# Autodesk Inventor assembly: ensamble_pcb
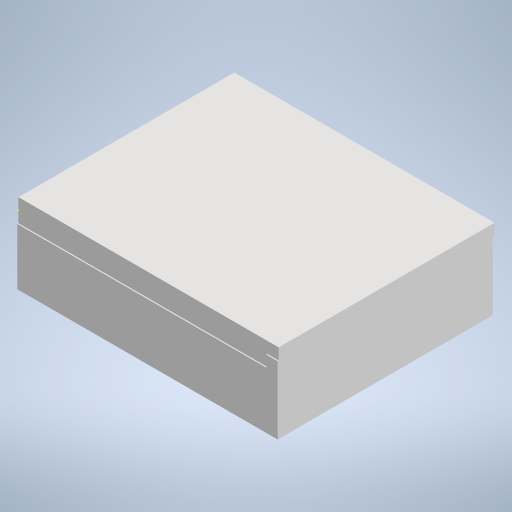
[picture p0: Inventor's stored thumbnail of the model, 512x512]
Saved by Autodesk Inventor 2024.3 (Build 283343000, 343)
## iProperties
Created: 2025-07-17
Part Number: ensamble_pcb
Document SubType Name: Assembly
Designer: Damian
Author: Damian
## Documents named in this file (3)
- D:\Damian\Utal\Memoria_clino\Memoria-clinostato\Inventor\Diseño_caja\Diseño_lp8_bme\ensamble_pcb.iam
- D:\Damian\Utal\Memoria_clino\Memoria-clinostato\Inventor\Diseño_caja\Diseño_lp8_bme\carcasa_pcb.ipt
- D:\Damian\Utal\Memoria_clino\Memoria-clinostato\Inventor\Diseño_caja\Diseño_lp8_bme\tapa_pcb.ipt
## Components (2 placed, 2 different names)
1. carcasa_pcb:1 — Coincidencia:1, Coincidencia:2, Coincidencia:3, Coincidencia:4, Coincidencia:5
2. tapa_pcb:1 — Coincidencia:4, Coincidencia:5
## Relationships (5: Mate 5)
- Coincidencia:1 [Mate]: carcasa_pcb:1
- Coincidencia:2 [Mate]: carcasa_pcb:1
- Coincidencia:3 [Mate]: carcasa_pcb:1
- Coincidencia:4 [Mate]: carcasa_pcb:1 ↔ tapa_pcb:1
- Coincidencia:5 [Mate]: carcasa_pcb:1 ↔ tapa_pcb:1
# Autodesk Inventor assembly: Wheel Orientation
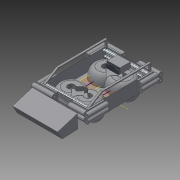
[picture p0: Inventor's stored thumbnail of the model, 180x180]
Saved by Autodesk Inventor 2015 (Build 190159000, 159)
## iProperties
Created: 2016-01-19
Part Number: Wheel Orientation
Document SubType Name: Assembly
Designer: sethbattis
Author: sethbattis
## Documents named in this file (12)
- \\area51\team3566\cad\FRC 2016\Space Claims.iam
- \\area51\team3566\cad\FRC 2016\Wheelbase.ipt
- \\area51\team3566\cad\FRC 2016\Basic Frame.ipt
- \\area51\team3566\cad\FRC 2016\Corner Bumper.ipt
- \\area51\team3566\cad\FRC 2016\AM14U3 End Sheet 24.5in.ipt
- \\area51\team3566\cad\FRC 2016\Roll Bar.ipt
- \\area51\team3566\cad\FRC 2016\Floor.ipt
- \\area51\team3566\cad\FRC 2016\Imported Components\fc16-036_Battery.iam\fc16-036_Battery.iam.iam
- \\area51\team3566\cad\FRC 2016\Prow.ipt
- \\area51\team3566\cad\FRC 2016\Snow Blower Tire with Gear Box and Mini-CIM.iam
- \\area51\team3566\cad\FRC 2016\Snow Blower Tire with Gear Box and Mini-CIM_MIR.iam
- fc16-036_Battery.iam
## Components (17 placed, 10 different names)
1. Basic Frame:1 — Flush:1, Rigid:1, Mate:1, Mate:2, Flush:2, Flush:3, Flush:4, Flush:5, Mate:3, Mate:4, Flush:6, Flush:7, Flush:8, Flush:9, Mate:5, Flush:10, Mate:10, Mate:11, Mate:12, Flush:11, Flush:12, Flush:13, Flush:14, Flush:15, Rigid:2
2. Wheelbase:1 — Flush:1, Rigid:1, Rotational:1, Rotational:2, Rotational:3, Rotational:4
3. AM14U3 End Sheet 24.5in:1 — Flush:10, Mate:10
4. AM14U3 End Sheet 24.5in:2 — Mate:5, Mate:11
5. Floor:1 — Rigid:2, Mate:13
6. fc16-036_Battery.iam:1 [sub-assembly] — Mate:13
7. Prow:1
8. Corner Bumper:1 — Mate:1, Mate:3, Flush:6
9. Corner Bumper:2 — Mate:2, Flush:2, Flush:7
10. Corner Bumper:3 — Flush:4, Mate:4, Flush:9
11. Corner Bumper:4 — Flush:3, Flush:5, Flush:8
12. Roll Bar:1 — Flush:12, Flush:13, Flush:15
13. Roll Bar:2 — Mate:12, Flush:11, Flush:14
14. Snow Blower Tire with Gear Box and Mini-CIM:1 [sub-assembly] — Rotational:1
15. Snow Blower Tire with Gear Box and Mini-CIM:2 [sub-assembly] — Rotational:2
16. Snow Blower Tire with Gear Box and Mini-CIM_MIR:1 [sub-assembly] — Rotational:4
17. Snow Blower Tire with Gear Box and Mini-CIM_MIR:2 [sub-assembly] — Rotational:3
## Relationships (30: Flush 15, Mate 9, RevoluteJoint 4, WeldJoint 2)
- Flush:1: Basic Frame:1 ↔ Wheelbase:1
- Rigid:1 [WeldJoint]: Basic Frame:1 ↔ Wheelbase:1
- Mate:1: Basic Frame:1 ↔ Corner Bumper:1
- Mate:2: Basic Frame:1 ↔ Corner Bumper:2
- Flush:2: Basic Frame:1 ↔ Corner Bumper:2
- Flush:3: Basic Frame:1 ↔ Corner Bumper:4
- Flush:4: Basic Frame:1 ↔ Corner Bumper:3
- Flush:5: Basic Frame:1 ↔ Corner Bumper:4
- Mate:3: Basic Frame:1 ↔ Corner Bumper:1
- Mate:4: Basic Frame:1 ↔ Corner Bumper:3
- Flush:6: Basic Frame:1 ↔ Corner Bumper:1
- Flush:7: Basic Frame:1 ↔ Corner Bumper:2
- Flush:8: Basic Frame:1 ↔ Corner Bumper:4
- Flush:9: Basic Frame:1 ↔ Corner Bumper:3
- Mate:5: Basic Frame:1 ↔ AM14U3 End Sheet 24.5in:2
- Flush:10: Basic Frame:1 ↔ AM14U3 End Sheet 24.5in:1
- Mate:10: Basic Frame:1 ↔ AM14U3 End Sheet 24.5in:1
- Mate:11: Basic Frame:1 ↔ AM14U3 End Sheet 24.5in:2
- Mate:12: Basic Frame:1 ↔ Roll Bar:2
- Flush:11: Basic Frame:1 ↔ Roll Bar:2
- Flush:12: Basic Frame:1 ↔ Roll Bar:1
- Flush:13: Basic Frame:1 ↔ Roll Bar:1
- Flush:14: Basic Frame:1 ↔ Roll Bar:2
- Flush:15: Basic Frame:1 ↔ Roll Bar:1
- Rigid:2 [WeldJoint]: Basic Frame:1 ↔ Floor:1
- Mate:13: Floor:1 ↔ fc16-036_Battery.iam:1
- Rotational:1 [RevoluteJoint]: Wheelbase:1 ↔ Snow Blower Tire with Gear Box and Mini-CIM:1
- Rotational:2 [RevoluteJoint]: Wheelbase:1 ↔ Snow Blower Tire with Gear Box and Mini-CIM:2
- Rotational:3 [RevoluteJoint]: Wheelbase:1 ↔ Snow Blower Tire with Gear Box and Mini-CIM_MIR:2
- Rotational:4 [RevoluteJoint]: Wheelbase:1 ↔ Snow Blower Tire with Gear Box and Mini-CIM_MIR:1

## Aim of the exercise
Reproduce every line from the listing above that holds the word "Gear".

## Response box
- \\area51\team3566\cad\FRC 2016\Snow Blower Tire with Gear Box and Mini-CIM.iam
- \\area51\team3566\cad\FRC 2016\Snow Blower Tire with Gear Box and Mini-CIM_MIR.iam
14. Snow Blower Tire with Gear Box and Mini-CIM:1 [sub-assembly] — Rotational:1
15. Snow Blower Tire with Gear Box and Mini-CIM:2 [sub-assembly] — Rotational:2
16. Snow Blower Tire with Gear Box and Mini-CIM_MIR:1 [sub-assembly] — Rotational:4
17. Snow Blower Tire with Gear Box and Mini-CIM_MIR:2 [sub-assembly] — Rotational:3
- Rotational:1 [RevoluteJoint]: Wheelbase:1 ↔ Snow Blower Tire with Gear Box and Mini-CIM:1
- Rotational:2 [RevoluteJoint]: Wheelbase:1 ↔ Snow Blower Tire with Gear Box and Mini-CIM:2
- Rotational:3 [RevoluteJoint]: Wheelbase:1 ↔ Snow Blower Tire with Gear Box and Mini-CIM_MIR:2
- Rotational:4 [RevoluteJoint]: Wheelbase:1 ↔ Snow Blower Tire with Gear Box and Mini-CIM_MIR:1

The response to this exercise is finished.